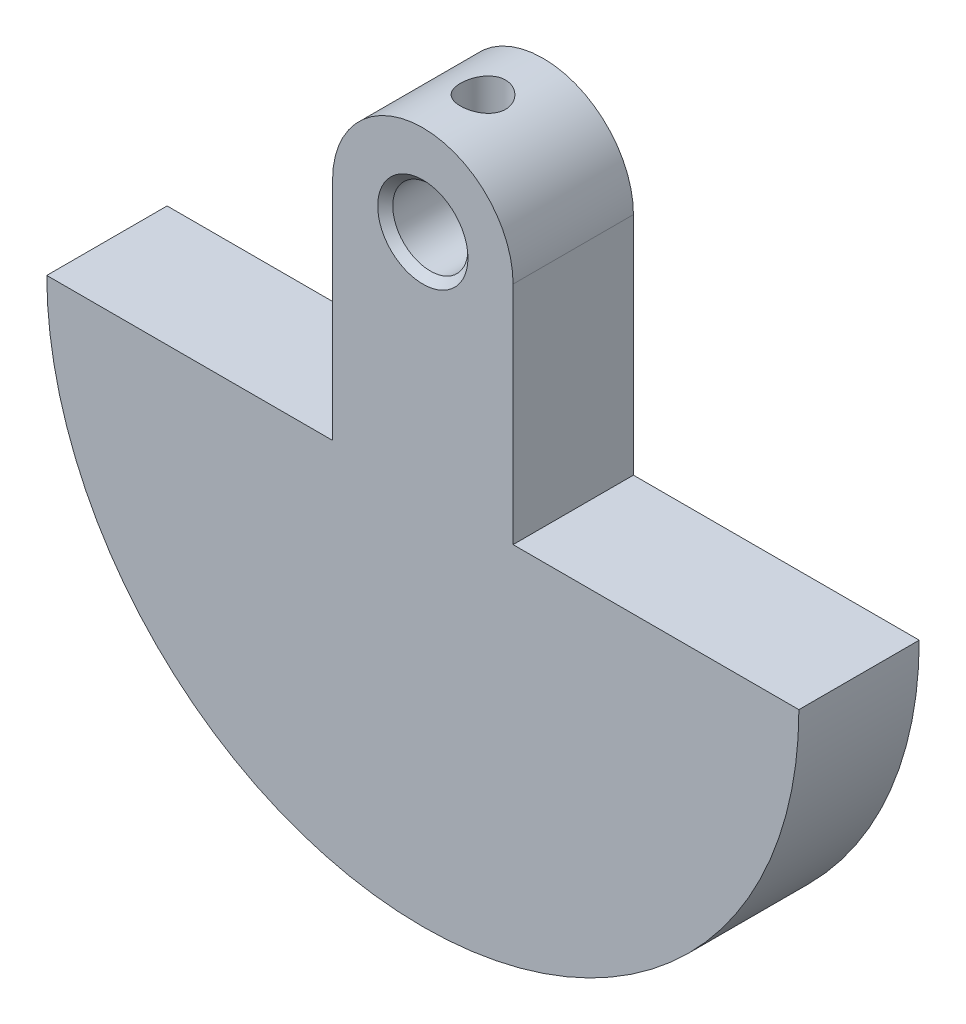
ISO-10303-21;
HEADER;
FILE_DESCRIPTION(('STEP AP214'),'2;1');
FILE_NAME('part.step','',(''),(''),'','','');
FILE_SCHEMA(('AUTOMOTIVE_DESIGN { 1 0 10303 214 1 1 1 1 }'));
ENDSEC;
DATA;
#1=APPLICATION_CONTEXT('core data for automotive mechanical design processes');
#2=APPLICATION_PROTOCOL_DEFINITION('international standard','automotive_design',2000,#1);
#3=PRODUCT_CONTEXT('',#1,'mechanical');
#4=PRODUCT('Part','Part','',(#3));
#5=PRODUCT_RELATED_PRODUCT_CATEGORY('part','',(#4));
#6=PRODUCT_DEFINITION_FORMATION('','',#4);
#7=PRODUCT_DEFINITION_CONTEXT('part definition',#1,'design');
#8=PRODUCT_DEFINITION('design','',#6,#7);
#9=PRODUCT_DEFINITION_SHAPE('','',#8);
#10=(LENGTH_UNIT() NAMED_UNIT(*) SI_UNIT(.MILLI.,.METRE.));
#11=(NAMED_UNIT(*) PLANE_ANGLE_UNIT() SI_UNIT($,.RADIAN.));
#12=(NAMED_UNIT(*) SI_UNIT($,.STERADIAN.) SOLID_ANGLE_UNIT());
#13=UNCERTAINTY_MEASURE_WITH_UNIT(LENGTH_MEASURE(1.E-05),#10,'distance_accuracy_value','');
#14=(GEOMETRIC_REPRESENTATION_CONTEXT(3) GLOBAL_UNCERTAINTY_ASSIGNED_CONTEXT((#13)) GLOBAL_UNIT_ASSIGNED_CONTEXT((#10,
#11,#12)) REPRESENTATION_CONTEXT('',''));
#15=CARTESIAN_POINT('',(0.,0.,0.));
#16=DIRECTION('',(0.,0.,1.));
#17=DIRECTION('',(1.,0.,0.));
#18=AXIS2_PLACEMENT_3D('',#15,#16,#17);
#19=CARTESIAN_POINT('',(0.,15.,8.));
#20=DIRECTION('',(0.,0.,1.));
#21=DIRECTION('',(1.,0.,0.));
#22=AXIS2_PLACEMENT_3D('',#19,#20,#21);
#23=PLANE('',#22);
#24=CARTESIAN_POINT('',(0.,15.,8.));
#25=DIRECTION('',(0.,0.,1.));
#26=DIRECTION('',(1.,0.,0.));
#27=AXIS2_PLACEMENT_3D('',#24,#25,#26);
#28=CIRCLE('',#27,3.);
#29=CARTESIAN_POINT('',(3.,15.,8.));
#30=VERTEX_POINT('',#29);
#31=EDGE_CURVE('E11',#30,#30,#28,.F.);
#32=ORIENTED_EDGE('',*,*,#31,.T.);
#33=EDGE_LOOP('',(#32));
#34=FACE_BOUND('',#33,.T.);
#35=CARTESIAN_POINT('',(0.,15.,8.));
#36=DIRECTION('',(0.,0.,1.));
#37=DIRECTION('',(1.,0.,0.));
#38=AXIS2_PLACEMENT_3D('',#35,#36,#37);
#39=CIRCLE('',#38,6.);
#40=CARTESIAN_POINT('',(6.,15.,8.));
#41=VERTEX_POINT('',#40);
#42=CARTESIAN_POINT('',(-6.,15.,8.));
#43=VERTEX_POINT('',#42);
#44=EDGE_CURVE('E138',#41,#43,#39,.T.);
#45=ORIENTED_EDGE('',*,*,#44,.T.);
#46=DIRECTION('',(0.,-1.,0.));
#47=VECTOR('',#46,1.);
#48=CARTESIAN_POINT('',(-6.,15.,8.));
#49=LINE('',#48,#47);
#50=CARTESIAN_POINT('',(-6.,0.,8.));
#51=VERTEX_POINT('',#50);
#52=EDGE_CURVE('E97',#43,#51,#49,.T.);
#53=ORIENTED_EDGE('',*,*,#52,.T.);
#54=DIRECTION('',(-1.,0.,0.));
#55=VECTOR('',#54,1.);
#56=CARTESIAN_POINT('',(-6.,0.,8.));
#57=LINE('',#56,#55);
#58=CARTESIAN_POINT('',(-25.,0.,8.));
#59=VERTEX_POINT('',#58);
#60=EDGE_CURVE('E109',#51,#59,#57,.T.);
#61=ORIENTED_EDGE('',*,*,#60,.T.);
#62=CARTESIAN_POINT('',(0.,0.,8.));
#63=DIRECTION('',(0.,0.,1.));
#64=DIRECTION('',(1.,0.,0.));
#65=AXIS2_PLACEMENT_3D('',#62,#63,#64);
#66=CIRCLE('',#65,25.);
#67=CARTESIAN_POINT('',(25.,0.,8.));
#68=VERTEX_POINT('',#67);
#69=EDGE_CURVE('E104',#59,#68,#66,.T.);
#70=ORIENTED_EDGE('',*,*,#69,.T.);
#71=DIRECTION('',(-1.,0.,0.));
#72=VECTOR('',#71,1.);
#73=CARTESIAN_POINT('',(6.,0.,8.));
#74=LINE('',#73,#72);
#75=CARTESIAN_POINT('',(6.,0.,8.));
#76=VERTEX_POINT('',#75);
#77=EDGE_CURVE('E107',#68,#76,#74,.T.);
#78=ORIENTED_EDGE('',*,*,#77,.T.);
#79=DIRECTION('',(0.,1.,0.));
#80=VECTOR('',#79,1.);
#81=CARTESIAN_POINT('',(6.,15.,8.));
#82=LINE('',#81,#80);
#83=EDGE_CURVE('E59',#76,#41,#82,.T.);
#84=ORIENTED_EDGE('',*,*,#83,.T.);
#85=EDGE_LOOP('',(#45,#53,#61,#70,#78,#84));
#86=FACE_BOUND('',#85,.T.);
#87=ADVANCED_FACE('F35',(#34,#86),#23,.T.);
#88=CARTESIAN_POINT('',(0.,15.,0.));
#89=DIRECTION('',(0.,0.,1.));
#90=DIRECTION('',(1.,0.,0.));
#91=AXIS2_PLACEMENT_3D('',#88,#89,#90);
#92=PLANE('',#91);
#93=CARTESIAN_POINT('',(0.,15.,0.));
#94=DIRECTION('',(0.,0.,1.));
#95=DIRECTION('',(1.,0.,0.));
#96=AXIS2_PLACEMENT_3D('',#93,#94,#95);
#97=CIRCLE('',#96,6.);
#98=CARTESIAN_POINT('',(6.,15.,0.));
#99=VERTEX_POINT('',#98);
#100=CARTESIAN_POINT('',(-6.,15.,0.));
#101=VERTEX_POINT('',#100);
#102=EDGE_CURVE('E127',#99,#101,#97,.T.);
#103=ORIENTED_EDGE('',*,*,#102,.F.);
#104=DIRECTION('',(0.,1.,0.));
#105=VECTOR('',#104,1.);
#106=CARTESIAN_POINT('',(6.,15.,0.));
#107=LINE('',#106,#105);
#108=CARTESIAN_POINT('',(6.,0.,0.));
#109=VERTEX_POINT('',#108);
#110=EDGE_CURVE('E88',#109,#99,#107,.T.);
#111=ORIENTED_EDGE('',*,*,#110,.F.);
#112=DIRECTION('',(-1.,0.,0.));
#113=VECTOR('',#112,1.);
#114=CARTESIAN_POINT('',(6.,0.,0.));
#115=LINE('',#114,#113);
#116=CARTESIAN_POINT('',(25.,0.,0.));
#117=VERTEX_POINT('',#116);
#118=EDGE_CURVE('E82',#117,#109,#115,.T.);
#119=ORIENTED_EDGE('',*,*,#118,.F.);
#120=CARTESIAN_POINT('',(0.,0.,0.));
#121=DIRECTION('',(0.,0.,1.));
#122=DIRECTION('',(1.,0.,0.));
#123=AXIS2_PLACEMENT_3D('',#120,#121,#122);
#124=CIRCLE('',#123,25.);
#125=CARTESIAN_POINT('',(-25.,0.,0.));
#126=VERTEX_POINT('',#125);
#127=EDGE_CURVE('E117',#126,#117,#124,.T.);
#128=ORIENTED_EDGE('',*,*,#127,.F.);
#129=DIRECTION('',(-1.,0.,0.));
#130=VECTOR('',#129,1.);
#131=CARTESIAN_POINT('',(-6.,0.,0.));
#132=LINE('',#131,#130);
#133=CARTESIAN_POINT('',(-6.,0.,0.));
#134=VERTEX_POINT('',#133);
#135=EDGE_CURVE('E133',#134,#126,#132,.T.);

---

Task directions: Within the listing above, locate the line containing "#7=PRODUCT_DEFINITION_CONTEXT('part definition',#1,'design');" and the line containing "#67=CARTESIAN_POINT('',(25.,0.,8.));". Reproduce those two lines and all lines between them exactly, with nothing added.

Result of the task:
#7=PRODUCT_DEFINITION_CONTEXT('part definition',#1,'design');
#8=PRODUCT_DEFINITION('design','',#6,#7);
#9=PRODUCT_DEFINITION_SHAPE('','',#8);
#10=(LENGTH_UNIT() NAMED_UNIT(*) SI_UNIT(.MILLI.,.METRE.));
#11=(NAMED_UNIT(*) PLANE_ANGLE_UNIT() SI_UNIT($,.RADIAN.));
#12=(NAMED_UNIT(*) SI_UNIT($,.STERADIAN.) SOLID_ANGLE_UNIT());
#13=UNCERTAINTY_MEASURE_WITH_UNIT(LENGTH_MEASURE(1.E-05),#10,'distance_accuracy_value','');
#14=(GEOMETRIC_REPRESENTATION_CONTEXT(3) GLOBAL_UNCERTAINTY_ASSIGNED_CONTEXT((#13)) GLOBAL_UNIT_ASSIGNED_CONTEXT((#10,
#11,#12)) REPRESENTATION_CONTEXT('',''));
#15=CARTESIAN_POINT('',(0.,0.,0.));
#16=DIRECTION('',(0.,0.,1.));
#17=DIRECTION('',(1.,0.,0.));
#18=AXIS2_PLACEMENT_3D('',#15,#16,#17);
#19=CARTESIAN_POINT('',(0.,15.,8.));
#20=DIRECTION('',(0.,0.,1.));
#21=DIRECTION('',(1.,0.,0.));
#22=AXIS2_PLACEMENT_3D('',#19,#20,#21);
#23=PLANE('',#22);
#24=CARTESIAN_POINT('',(0.,15.,8.));
#25=DIRECTION('',(0.,0.,1.));
#26=DIRECTION('',(1.,0.,0.));
#27=AXIS2_PLACEMENT_3D('',#24,#25,#26);
#28=CIRCLE('',#27,3.);
#29=CARTESIAN_POINT('',(3.,15.,8.));
#30=VERTEX_POINT('',#29);
#31=EDGE_CURVE('E11',#30,#30,#28,.F.);
#32=ORIENTED_EDGE('',*,*,#31,.T.);
#33=EDGE_LOOP('',(#32));
#34=FACE_BOUND('',#33,.T.);
#35=CARTESIAN_POINT('',(0.,15.,8.));
#36=DIRECTION('',(0.,0.,1.));
#37=DIRECTION('',(1.,0.,0.));
#38=AXIS2_PLACEMENT_3D('',#35,#36,#37);
#39=CIRCLE('',#38,6.);
#40=CARTESIAN_POINT('',(6.,15.,8.));
#41=VERTEX_POINT('',#40);
#42=CARTESIAN_POINT('',(-6.,15.,8.));
#43=VERTEX_POINT('',#42);
#44=EDGE_CURVE('E138',#41,#43,#39,.T.);
#45=ORIENTED_EDGE('',*,*,#44,.T.);
#46=DIRECTION('',(0.,-1.,0.));
#47=VECTOR('',#46,1.);
#48=CARTESIAN_POINT('',(-6.,15.,8.));
#49=LINE('',#48,#47);
#50=CARTESIAN_POINT('',(-6.,0.,8.));
#51=VERTEX_POINT('',#50);
#52=EDGE_CURVE('E97',#43,#51,#49,.T.);
#53=ORIENTED_EDGE('',*,*,#52,.T.);
#54=DIRECTION('',(-1.,0.,0.));
#55=VECTOR('',#54,1.);
#56=CARTESIAN_POINT('',(-6.,0.,8.));
#57=LINE('',#56,#55);
#58=CARTESIAN_POINT('',(-25.,0.,8.));
#59=VERTEX_POINT('',#58);
#60=EDGE_CURVE('E109',#51,#59,#57,.T.);
#61=ORIENTED_EDGE('',*,*,#60,.T.);
#62=CARTESIAN_POINT('',(0.,0.,8.));
#63=DIRECTION('',(0.,0.,1.));
#64=DIRECTION('',(1.,0.,0.));
#65=AXIS2_PLACEMENT_3D('',#62,#63,#64);
#66=CIRCLE('',#65,25.);
#67=CARTESIAN_POINT('',(25.,0.,8.));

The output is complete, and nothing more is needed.